Die Wirkung war real. Seit 2021 hat sich die Zahl russischer Cyberangriffe auf NATO-Staaten verdreifacht. Anfang 2024 verdoppelte sich die Zahl der Attacken auf europäische Infrastruktur noch einmal – allein im Vergleich zum Quartal davor. Krankenhäuser. Stromnetze. Verwaltung. NGOs. Alles, was hilft, wurde attackiert. Alles, was schützt, wurde gestört. Kein Unterschied zwischen Kriegsziel und Kindertagesstätte. Genau das ist russische Kriegsführung: zerstören, was funktioniert – und sich dann wundern, warum der Westen zurückschlägt.
Aber genau das ist jetzt passiert.
Operation Eastwood war kein Symbol. Kein PR-Stunt. Kein mahnender Zeigefinger. Es war ein koordiniertes, rechtsstaatlich abgesichertes, international unterstütztes Auseinandernehmen eines zentralen russischen Cybernetzwerks. Mitten im laufenden Krieg. Kein Statement – eine Ansage. Und zwar eine, die ankam.
Denn plötzlich war diese selbsternannte Cyberarmee nicht mehr überall – sondern nirgends. Server weg. Struktur weg. Kontrolle weg. Was vorher wie ein gesichtsloser Nebel wirkte, ist jetzt eine Datei mit Beweismitteln. Der Troll hat einen Namen. Und einen Aufenthaltsort. Und ein Problem.
Das alles ist mehr als ein Einzelfall. Es ist eine Verschiebung. Russland wollte zeigen, dass es den Westen digital dominieren kann. Stattdessen hat es genau das Gegenteil erreicht: Der Westen hat sich vernetzt. Nicht auf Papier, sondern in Reaktion. Kein Vertrag. Kein Gipfel. Nur ein Ergebnis: Wer einen angreift, bekommt es mit allen zu tun. Der Dieb hat das Viertel so lange terrorisiert, bis die Nachbarn eine Alarmanlage gekauft und die Polizei auf Kurzwahl gelegt haben.
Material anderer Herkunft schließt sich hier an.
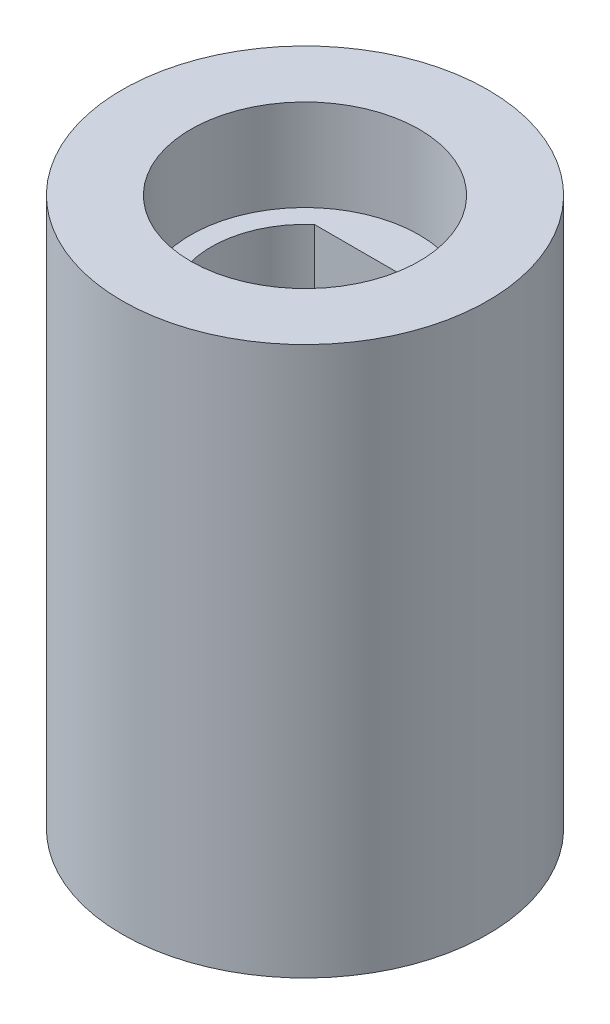
ISO-10303-21;
HEADER;
FILE_DESCRIPTION(('STEP AP214'),'2;1');
FILE_NAME('part.step','',(''),(''),'','','');
FILE_SCHEMA(('AUTOMOTIVE_DESIGN { 1 0 10303 214 1 1 1 1 }'));
ENDSEC;
DATA;
#1=APPLICATION_CONTEXT('core data for automotive mechanical design processes');
#2=APPLICATION_PROTOCOL_DEFINITION('international standard','automotive_design',2000,#1);
#3=PRODUCT_CONTEXT('',#1,'mechanical');
#4=PRODUCT('Part','Part','',(#3));
#5=PRODUCT_RELATED_PRODUCT_CATEGORY('part','',(#4));
#6=PRODUCT_DEFINITION_FORMATION('','',#4);
#7=PRODUCT_DEFINITION_CONTEXT('part definition',#1,'design');
#8=PRODUCT_DEFINITION('design','',#6,#7);
#9=PRODUCT_DEFINITION_SHAPE('','',#8);
#10=(LENGTH_UNIT() NAMED_UNIT(*) SI_UNIT(.MILLI.,.METRE.));
#11=(NAMED_UNIT(*) PLANE_ANGLE_UNIT() SI_UNIT($,.RADIAN.));
#12=(NAMED_UNIT(*) SI_UNIT($,.STERADIAN.) SOLID_ANGLE_UNIT());
#13=UNCERTAINTY_MEASURE_WITH_UNIT(LENGTH_MEASURE(1.E-05),#10,'distance_accuracy_value','');
#14=(GEOMETRIC_REPRESENTATION_CONTEXT(3) GLOBAL_UNCERTAINTY_ASSIGNED_CONTEXT((#13)) GLOBAL_UNIT_ASSIGNED_CONTEXT((#10,
#11,#12)) REPRESENTATION_CONTEXT('',''));
#15=CARTESIAN_POINT('',(0.,0.,0.));
#16=DIRECTION('',(0.,0.,1.));
#17=DIRECTION('',(1.,0.,0.));
#18=AXIS2_PLACEMENT_3D('',#15,#16,#17);
#19=CARTESIAN_POINT('',(0.,10.,0.));
#20=DIRECTION('',(0.,1.,0.));
#21=DIRECTION('',(0.,0.,1.));
#22=AXIS2_PLACEMENT_3D('',#19,#20,#21);
#23=PLANE('',#22);
#24=DIRECTION('',(-1.,0.,0.));
#25=VECTOR('',#24,1.);
#26=CARTESIAN_POINT('',(-1.34164078649987,10.,-1.55));
#27=LINE('',#26,#25);
#28=CARTESIAN_POINT('',(1.34164078649987,10.,-1.55));
#29=VERTEX_POINT('',#28);
#30=CARTESIAN_POINT('',(-1.34164078649987,10.,-1.55));
#31=VERTEX_POINT('',#30);
#32=EDGE_CURVE('E76',#29,#31,#27,.T.);
#33=ORIENTED_EDGE('',*,*,#32,.F.);
#34=CARTESIAN_POINT('',(0.,10.,0.));
#35=DIRECTION('',(0.,1.,0.));
#36=DIRECTION('',(0.,0.,1.));
#37=AXIS2_PLACEMENT_3D('',#34,#35,#36);
#38=CIRCLE('',#37,2.05);
#39=EDGE_CURVE('E64',#31,#29,#38,.T.);
#40=ORIENTED_EDGE('',*,*,#39,.F.);
#41=EDGE_LOOP('',(#33,#40));
#42=FACE_BOUND('',#41,.T.);
#43=CARTESIAN_POINT('',(0.,10.,0.));
#44=DIRECTION('',(0.,1.,0.));
#45=DIRECTION('',(0.,0.,1.));
#46=AXIS2_PLACEMENT_3D('',#43,#44,#45);
#47=CIRCLE('',#46,2.5);
#48=CARTESIAN_POINT('',(0.,10.,2.5));
#49=VERTEX_POINT('',#48);
#50=EDGE_CURVE('E80',#49,#49,#47,.T.);
#51=ORIENTED_EDGE('',*,*,#50,.T.);
#52=EDGE_LOOP('',(#51));
#53=FACE_BOUND('',#52,.T.);
#54=ADVANCED_FACE('F33',(#42,#53),#23,.T.);
#55=CARTESIAN_POINT('',(0.,0.,0.));
#56=DIRECTION('',(0.,1.,0.));
#57=DIRECTION('',(0.,0.,1.));
#58=AXIS2_PLACEMENT_3D('',#55,#56,#57);
#59=PLANE('',#58);
#60=CARTESIAN_POINT('',(0.,0.,0.));
#61=DIRECTION('',(0.,1.,0.));
#62=DIRECTION('',(0.,0.,1.));
#63=AXIS2_PLACEMENT_3D('',#60,#61,#62);
#64=CIRCLE('',#63,4.);
#65=CARTESIAN_POINT('',(0.,0.,4.));
#66=VERTEX_POINT('',#65);
#67=EDGE_CURVE('E11',#66,#66,#64,.T.);
#68=ORIENTED_EDGE('',*,*,#67,.F.);
#69=EDGE_LOOP('',(#68));
#70=FACE_BOUND('',#69,.T.);
#71=CARTESIAN_POINT('',(0.,0.,0.));
#72=DIRECTION('',(0.,1.,0.));
#73=DIRECTION('',(0.,0.,1.));
#74=AXIS2_PLACEMENT_3D('',#71,#72,#73);
#75=CIRCLE('',#74,2.05);
#76=CARTESIAN_POINT('',(-1.34164078649987,0.,-1.55));
#77=VERTEX_POINT('',#76);
#78=CARTESIAN_POINT('',(1.34164078649987,0.,-1.55));
#79=VERTEX_POINT('',#78);
#80=EDGE_CURVE('E54',#77,#79,#75,.T.);
#81=ORIENTED_EDGE('',*,*,#80,.T.);
#82=DIRECTION('',(-1.,0.,0.));
#83=VECTOR('',#82,1.);
#84=CARTESIAN_POINT('',(-1.34164078649987,0.,-1.55));
#85=LINE('',#84,#83);
#86=EDGE_CURVE('E60',#79,#77,#85,.T.);
#87=ORIENTED_EDGE('',*,*,#86,.T.);
#88=EDGE_LOOP('',(#81,#87));
#89=FACE_BOUND('',#88,.T.);
#90=ADVANCED_FACE('F69',(#70,#89),#59,.F.);
#91=CARTESIAN_POINT('',(0.,10.,0.));
#92=DIRECTION('',(0.,-1.,0.));
#93=DIRECTION('',(0.,0.,-1.));
#94=AXIS2_PLACEMENT_3D('',#91,#92,#93);
#95=CYLINDRICAL_SURFACE('',#94,4.);
#96=ORIENTED_EDGE('',*,*,#67,.T.);
#97=EDGE_LOOP('',(#96));
#98=FACE_BOUND('',#97,.T.);
#99=CARTESIAN_POINT('',(0.,12.,0.));
#100=DIRECTION('',(0.,1.,0.));
#101=DIRECTION('',(0.,0.,1.));
#102=AXIS2_PLACEMENT_3D('',#99,#100,#101);
#103=CIRCLE('',#102,4.);
#104=CARTESIAN_POINT('',(0.,12.,4.));
#105=VERTEX_POINT('',#104);
#106=EDGE_CURVE('E70',#105,#105,#103,.T.);
#107=ORIENTED_EDGE('',*,*,#106,.F.);
#108=EDGE_LOOP('',(#107));
#109=FACE_BOUND('',#108,.T.);
#110=ADVANCED_FACE('F35',(#98,#109),#95,.T.);
#111=CARTESIAN_POINT('',(0.,10.,0.));
#112=DIRECTION('',(0.,-1.,0.));
#113=DIRECTION('',(0.,0.,-1.));
#114=AXIS2_PLACEMENT_3D('',#111,#112,#113);
#115=CYLINDRICAL_SURFACE('',#114,2.05);
#116=ORIENTED_EDGE('',*,*,#80,.F.);
#117=DIRECTION('',(0.,-1.,0.));
#118=VECTOR('',#117,1.);
#119=CARTESIAN_POINT('',(-1.34164078649987,10.,-1.55));
#120=LINE('',#119,#118);
#121=EDGE_CURVE('E62',#31,#77,#120,.T.);
#122=ORIENTED_EDGE('',*,*,#121,.F.);
#123=ORIENTED_EDGE('',*,*,#39,.T.);
#124=DIRECTION('',(0.,-1.,0.));
#125=VECTOR('',#124,1.);
#126=CARTESIAN_POINT('',(1.34164078649987,10.,-1.55));
#127=LINE('',#126,#125);
#128=EDGE_CURVE('E41',#29,#79,#127,.T.);
#129=ORIENTED_EDGE('',*,*,#128,.T.);
#130=EDGE_LOOP('',(#116,#122,#123,#129));
#131=FACE_BOUND('',#130,.T.);
#132=ADVANCED_FACE('F66',(#131),#115,.F.);
#133=CARTESIAN_POINT('',(-1.34164078649987,10.,-1.55));
#134=DIRECTION('',(0.,0.,1.));
#135=DIRECTION('',(1.,0.,0.));
#136=AXIS2_PLACEMENT_3D('',#133,#134,#135);
#137=PLANE('',#136);
#138=ORIENTED_EDGE('',*,*,#86,.F.);
#139=ORIENTED_EDGE('',*,*,#128,.F.);
#140=ORIENTED_EDGE('',*,*,#32,.T.);
#141=ORIENTED_EDGE('',*,*,#121,.T.);
#142=EDGE_LOOP('',(#138,#139,#140,#141));
#143=FACE_BOUND('',#142,.T.);
#144=ADVANCED_FACE('F61',(#143),#137,.T.);
#145=CARTESIAN_POINT('',(0.,12.,0.));
#146=DIRECTION('',(0.,1.,0.));
#147=DIRECTION('',(0.,0.,1.));
#148=AXIS2_PLACEMENT_3D('',#145,#146,#147);
#149=PLANE('',#148);
#150=ORIENTED_EDGE('',*,*,#106,.T.);
#151=EDGE_LOOP('',(#150));
#152=FACE_BOUND('',#151,.T.);
#153=CARTESIAN_POINT('',(0.,12.,0.));
#154=DIRECTION('',(0.,1.,0.));
#155=DIRECTION('',(0.,0.,1.));
#156=AXIS2_PLACEMENT_3D('',#153,#154,#155);
#157=CIRCLE('',#156,2.5);
#158=CARTESIAN_POINT('',(0.,12.,2.5));
#159=VERTEX_POINT('',#158);
#160=EDGE_CURVE('E73',#159,#159,#157,.T.);
#161=ORIENTED_EDGE('',*,*,#160,.F.);
#162=EDGE_LOOP('',(#161));
#163=FACE_BOUND('',#162,.T.);
#164=ADVANCED_FACE('F89',(#152,#163),#149,.T.);
#165=CARTESIAN_POINT('',(0.,12.,0.));
#166=DIRECTION('',(0.,-1.,0.));
#167=DIRECTION('',(0.,0.,-1.));
#168=AXIS2_PLACEMENT_3D('',#165,#166,#167);
#169=CYLINDRICAL_SURFACE('',#168,2.5);
#170=ORIENTED_EDGE('',*,*,#160,.T.);
#171=EDGE_LOOP('',(#170));
#172=FACE_BOUND('',#171,.T.);
#173=ORIENTED_EDGE('',*,*,#50,.F.);
#174=EDGE_LOOP('',(#173));
#175=FACE_BOUND('',#174,.T.);
#176=ADVANCED_FACE('F86',(#172,#175),#169,.F.);
#177=CLOSED_SHELL('',(#54,#90,#110,#132,#144,#164,#176));
#178=MANIFOLD_SOLID_BREP('B2',#177);
#179=ADVANCED_BREP_SHAPE_REPRESENTATION('',(#18,#178),#14);
#180=SHAPE_DEFINITION_REPRESENTATION(#9,#179);
ENDSEC;
END-ISO-10303-21;

Was dabei rauskam? Eine Art Cyber-NATO. Kein Logo. Keine Hymne. Sondern eine Praxis. Eine Reflexkette. Eine Immunantwort. Das Internet lernt, sich zu wehren – und diesmal hat es geklappt.
NoName057(16) war die Speerspitze. Jetzt steckt sie im Boden. Und Russland? Hat gelernt, dass selbst im Cyberspace irgendwann zurückgeschlagen wird. Nicht mit Symbolen. Sondern mit Zugriff.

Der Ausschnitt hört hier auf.